- **The task**
Word for word, restate the records that come next, omitting the images.

[Dataset entries]
Content starts
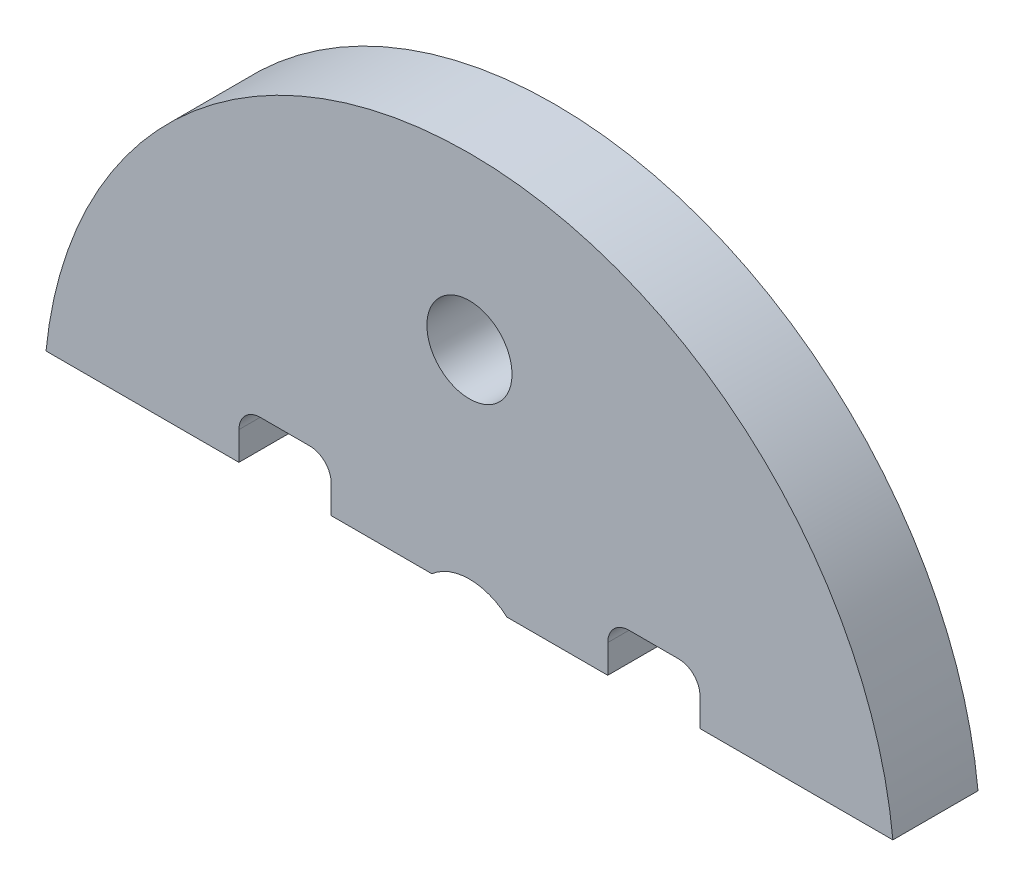
ISO-10303-21;
HEADER;
FILE_DESCRIPTION(('STEP AP214'),'2;1');
FILE_NAME('part.step','',(''),(''),'','','');
FILE_SCHEMA(('AUTOMOTIVE_DESIGN { 1 0 10303 214 1 1 1 1 }'));
ENDSEC;
DATA;
#1=APPLICATION_CONTEXT('core data for automotive mechanical design processes');
#2=APPLICATION_PROTOCOL_DEFINITION('international standard','automotive_design',2000,#1);
#3=PRODUCT_CONTEXT('',#1,'mechanical');
#4=PRODUCT('Part','Part','',(#3));
#5=PRODUCT_RELATED_PRODUCT_CATEGORY('part','',(#4));
#6=PRODUCT_DEFINITION_FORMATION('','',#4);
#7=PRODUCT_DEFINITION_CONTEXT('part definition',#1,'design');
#8=PRODUCT_DEFINITION('design','',#6,#7);
#9=PRODUCT_DEFINITION_SHAPE('','',#8);
#10=(LENGTH_UNIT() NAMED_UNIT(*) SI_UNIT(.MILLI.,.METRE.));
#11=(NAMED_UNIT(*) PLANE_ANGLE_UNIT() SI_UNIT($,.RADIAN.));
#12=(NAMED_UNIT(*) SI_UNIT($,.STERADIAN.) SOLID_ANGLE_UNIT());
#13=UNCERTAINTY_MEASURE_WITH_UNIT(LENGTH_MEASURE(1.E-05),#10,'distance_accuracy_value','');
#14=(GEOMETRIC_REPRESENTATION_CONTEXT(3) GLOBAL_UNCERTAINTY_ASSIGNED_CONTEXT((#13)) GLOBAL_UNIT_ASSIGNED_CONTEXT((#10,
#11,#12)) REPRESENTATION_CONTEXT('',''));
#15=CARTESIAN_POINT('',(0.,0.,0.));
#16=DIRECTION('',(0.,0.,1.));
#17=DIRECTION('',(1.,0.,0.));
#18=AXIS2_PLACEMENT_3D('',#15,#16,#17);
#19=CARTESIAN_POINT('',(221.3728079135,244.4520199932,3.));
#20=DIRECTION('',(0.,0.,1.));
#21=DIRECTION('',(1.,0.,0.));
#22=AXIS2_PLACEMENT_3D('',#19,#20,#21);
#23=PLANE('',#22);
#24=CARTESIAN_POINT('',(221.3728079135,244.4520199932,3.));
#25=DIRECTION('',(0.,0.,-1.));
#26=DIRECTION('',(1.,0.,0.));
#27=AXIS2_PLACEMENT_3D('',#24,#25,#26);
#28=CIRCLE('',#27,0.750000000000001);
#29=CARTESIAN_POINT('',(220.6228079135,244.4520199932,3.));
#30=VERTEX_POINT('',#29);
#31=CARTESIAN_POINT('',(221.3728079135,245.2020199932,3.));
#32=VERTEX_POINT('',#31);
#33=EDGE_CURVE('E209',#30,#32,#28,.T.);
#34=ORIENTED_EDGE('',*,*,#33,.T.);
#35=DIRECTION('',(1.,0.,0.));
#36=VECTOR('',#35,1.);
#37=CARTESIAN_POINT('',(223.1228079135,245.2020199932,3.));
#38=LINE('',#37,#36);
#39=CARTESIAN_POINT('',(223.1228079135,245.2020199932,3.));
#40=VERTEX_POINT('',#39);
#41=EDGE_CURVE('E117',#32,#40,#38,.T.);
#42=ORIENTED_EDGE('',*,*,#41,.T.);
#43=CARTESIAN_POINT('',(223.1228079135,244.4520199932,3.));
#44=DIRECTION('',(0.,0.,-1.));
#45=DIRECTION('',(1.,0.,0.));
#46=AXIS2_PLACEMENT_3D('',#43,#44,#45);
#47=CIRCLE('',#46,0.750000000000001);
#48=CARTESIAN_POINT('',(223.8728079135,244.4520199932,3.));
#49=VERTEX_POINT('',#48);
#50=EDGE_CURVE('E248',#40,#49,#47,.T.);
#51=ORIENTED_EDGE('',*,*,#50,.T.);
#52=DIRECTION('',(0.,-1.,0.));
#53=VECTOR('',#52,1.);
#54=CARTESIAN_POINT('',(223.8728079135,243.4520199932,3.));
#55=LINE('',#54,#53);
#56=CARTESIAN_POINT('',(223.8728079135,243.4520199932,3.));
#57=VERTEX_POINT('',#56);
#58=EDGE_CURVE('E267',#49,#57,#55,.T.);
#59=ORIENTED_EDGE('',*,*,#58,.T.);
#60=DIRECTION('',(1.,0.,0.));
#61=VECTOR('',#60,1.);
#62=CARTESIAN_POINT('',(223.8728079135,243.4520199932,3.));
#63=LINE('',#62,#61);
#64=CARTESIAN_POINT('',(230.6726194701,243.4520199932,3.));
#65=VERTEX_POINT('',#64);
#66=EDGE_CURVE('E264',#57,#65,#63,.T.);
#67=ORIENTED_EDGE('',*,*,#66,.T.);
#68=CARTESIAN_POINT('',(215.7478079135,241.952019993172,3.));
#69=DIRECTION('',(0.,0.,1.));
#70=DIRECTION('',(1.,0.,0.));
#71=AXIS2_PLACEMENT_3D('',#68,#69,#70);
#72=CIRCLE('',#71,15.0000000000035);
#73=CARTESIAN_POINT('',(200.8229963569,243.4520199932,3.));
#74=VERTEX_POINT('',#73);
#75=EDGE_CURVE('E266',#65,#74,#72,.T.);
#76=ORIENTED_EDGE('',*,*,#75,.T.);
#77=DIRECTION('',(1.,0.,0.));
#78=VECTOR('',#77,1.);
#79=CARTESIAN_POINT('',(200.8229963569,243.4520199932,3.));
#80=LINE('',#79,#78);
#81=CARTESIAN_POINT('',(207.6228079135,243.4520199932,3.));
#82=VERTEX_POINT('',#81);
#83=EDGE_CURVE('E269',#74,#82,#80,.T.);
#84=ORIENTED_EDGE('',*,*,#83,.T.);
#85=DIRECTION('',(0.,1.,0.));
#86=VECTOR('',#85,1.);
#87=CARTESIAN_POINT('',(207.6228079135,243.4520199932,3.));
#88=LINE('',#87,#86);
#89=CARTESIAN_POINT('',(207.6228079135,244.4520199932,3.));
#90=VERTEX_POINT('',#89);
#91=EDGE_CURVE('E275',#82,#90,#88,.T.);
#92=ORIENTED_EDGE('',*,*,#91,.T.);
#93=CARTESIAN_POINT('',(208.3728079135,244.4520199932,3.));
#94=DIRECTION('',(0.,0.,-1.));
#95=DIRECTION('',(1.,0.,0.));
#96=AXIS2_PLACEMENT_3D('',#93,#94,#95);
#97=CIRCLE('',#96,0.750000000000001);
#98=CARTESIAN_POINT('',(208.3728079135,245.2020199932,3.));
#99=VERTEX_POINT('',#98);
#100=EDGE_CURVE('E277',#90,#99,#97,.T.);
#101=ORIENTED_EDGE('',*,*,#100,.T.);
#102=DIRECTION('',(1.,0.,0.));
Content ends
- **Task solution**
ISO-10303-21;
HEADER;
FILE_DESCRIPTION(('STEP AP214'),'2;1');
FILE_NAME('part.step','',(''),(''),'','','');
FILE_SCHEMA(('AUTOMOTIVE_DESIGN { 1 0 10303 214 1 1 1 1 }'));
ENDSEC;
DATA;
#1=APPLICATION_CONTEXT('core data for automotive mechanical design processes');
#2=APPLICATION_PROTOCOL_DEFINITION('international standard','automotive_design',2000,#1);
#3=PRODUCT_CONTEXT('',#1,'mechanical');
#4=PRODUCT('Part','Part','',(#3));
#5=PRODUCT_RELATED_PRODUCT_CATEGORY('part','',(#4));
#6=PRODUCT_DEFINITION_FORMATION('','',#4);
#7=PRODUCT_DEFINITION_CONTEXT('part definition',#1,'design');
#8=PRODUCT_DEFINITION('design','',#6,#7);
#9=PRODUCT_DEFINITION_SHAPE('','',#8);
#10=(LENGTH_UNIT() NAMED_UNIT(*) SI_UNIT(.MILLI.,.METRE.));
#11=(NAMED_UNIT(*) PLANE_ANGLE_UNIT() SI_UNIT($,.RADIAN.));
#12=(NAMED_UNIT(*) SI_UNIT($,.STERADIAN.) SOLID_ANGLE_UNIT());
#13=UNCERTAINTY_MEASURE_WITH_UNIT(LENGTH_MEASURE(1.E-05),#10,'distance_accuracy_value','');
#14=(GEOMETRIC_REPRESENTATION_CONTEXT(3) GLOBAL_UNCERTAINTY_ASSIGNED_CONTEXT((#13)) GLOBAL_UNIT_ASSIGNED_CONTEXT((#10,
#11,#12)) REPRESENTATION_CONTEXT('',''));
#15=CARTESIAN_POINT('',(0.,0.,0.));
#16=DIRECTION('',(0.,0.,1.));
#17=DIRECTION('',(1.,0.,0.));
#18=AXIS2_PLACEMENT_3D('',#15,#16,#17);
#19=CARTESIAN_POINT('',(221.3728079135,244.4520199932,3.));
#20=DIRECTION('',(0.,0.,1.));
#21=DIRECTION('',(1.,0.,0.));
#22=AXIS2_PLACEMENT_3D('',#19,#20,#21);
#23=PLANE('',#22);
#24=CARTESIAN_POINT('',(221.3728079135,244.4520199932,3.));
#25=DIRECTION('',(0.,0.,-1.));
#26=DIRECTION('',(1.,0.,0.));
#27=AXIS2_PLACEMENT_3D('',#24,#25,#26);
#28=CIRCLE('',#27,0.750000000000001);
#29=CARTESIAN_POINT('',(220.6228079135,244.4520199932,3.));
#30=VERTEX_POINT('',#29);
#31=CARTESIAN_POINT('',(221.3728079135,245.2020199932,3.));
#32=VERTEX_POINT('',#31);
#33=EDGE_CURVE('E209',#30,#32,#28,.T.);
#34=ORIENTED_EDGE('',*,*,#33,.T.);
#35=DIRECTION('',(1.,0.,0.));
#36=VECTOR('',#35,1.);
#37=CARTESIAN_POINT('',(223.1228079135,245.2020199932,3.));
#38=LINE('',#37,#36);
#39=CARTESIAN_POINT('',(223.1228079135,245.2020199932,3.));
#40=VERTEX_POINT('',#39);
#41=EDGE_CURVE('E117',#32,#40,#38,.T.);
#42=ORIENTED_EDGE('',*,*,#41,.T.);
#43=CARTESIAN_POINT('',(223.1228079135,244.4520199932,3.));
#44=DIRECTION('',(0.,0.,-1.));
#45=DIRECTION('',(1.,0.,0.));
#46=AXIS2_PLACEMENT_3D('',#43,#44,#45);
#47=CIRCLE('',#46,0.750000000000001);
#48=CARTESIAN_POINT('',(223.8728079135,244.4520199932,3.));
#49=VERTEX_POINT('',#48);
#50=EDGE_CURVE('E248',#40,#49,#47,.T.);
#51=ORIENTED_EDGE('',*,*,#50,.T.);
#52=DIRECTION('',(0.,-1.,0.));
#53=VECTOR('',#52,1.);
#54=CARTESIAN_POINT('',(223.8728079135,243.4520199932,3.));
#55=LINE('',#54,#53);
#56=CARTESIAN_POINT('',(223.8728079135,243.4520199932,3.));
#57=VERTEX_POINT('',#56);
#58=EDGE_CURVE('E267',#49,#57,#55,.T.);
#59=ORIENTED_EDGE('',*,*,#58,.T.);
#60=DIRECTION('',(1.,0.,0.));
#61=VECTOR('',#60,1.);
#62=CARTESIAN_POINT('',(223.8728079135,243.4520199932,3.));
#63=LINE('',#62,#61);
#64=CARTESIAN_POINT('',(230.6726194701,243.4520199932,3.));
#65=VERTEX_POINT('',#64);
#66=EDGE_CURVE('E264',#57,#65,#63,.T.);
#67=ORIENTED_EDGE('',*,*,#66,.T.);
#68=CARTESIAN_POINT('',(215.7478079135,241.952019993172,3.));
#69=DIRECTION('',(0.,0.,1.));
#70=DIRECTION('',(1.,0.,0.));
#71=AXIS2_PLACEMENT_3D('',#68,#69,#70);
#72=CIRCLE('',#71,15.0000000000035);
#73=CARTESIAN_POINT('',(200.8229963569,243.4520199932,3.));
#74=VERTEX_POINT('',#73);
#75=EDGE_CURVE('E266',#65,#74,#72,.T.);
#76=ORIENTED_EDGE('',*,*,#75,.T.);
#77=DIRECTION('',(1.,0.,0.));
#78=VECTOR('',#77,1.);
#79=CARTESIAN_POINT('',(200.8229963569,243.4520199932,3.));
#80=LINE('',#79,#78);
#81=CARTESIAN_POINT('',(207.6228079135,243.4520199932,3.));
#82=VERTEX_POINT('',#81);
#83=EDGE_CURVE('E269',#74,#82,#80,.T.);
#84=ORIENTED_EDGE('',*,*,#83,.T.);
#85=DIRECTION('',(0.,1.,0.));
#86=VECTOR('',#85,1.);
#87=CARTESIAN_POINT('',(207.6228079135,243.4520199932,3.));
#88=LINE('',#87,#86);
#89=CARTESIAN_POINT('',(207.6228079135,244.4520199932,3.));
#90=VERTEX_POINT('',#89);
#91=EDGE_CURVE('E275',#82,#90,#88,.T.);
#92=ORIENTED_EDGE('',*,*,#91,.T.);
#93=CARTESIAN_POINT('',(208.3728079135,244.4520199932,3.));
#94=DIRECTION('',(0.,0.,-1.));
#95=DIRECTION('',(1.,0.,0.));
#96=AXIS2_PLACEMENT_3D('',#93,#94,#95);
#97=CIRCLE('',#96,0.750000000000001);
#98=CARTESIAN_POINT('',(208.3728079135,245.2020199932,3.));
#99=VERTEX_POINT('',#98);
#100=EDGE_CURVE('E277',#90,#99,#97,.T.);
#101=ORIENTED_EDGE('',*,*,#100,.T.);
#102=DIRECTION('',(1.,0.,0.));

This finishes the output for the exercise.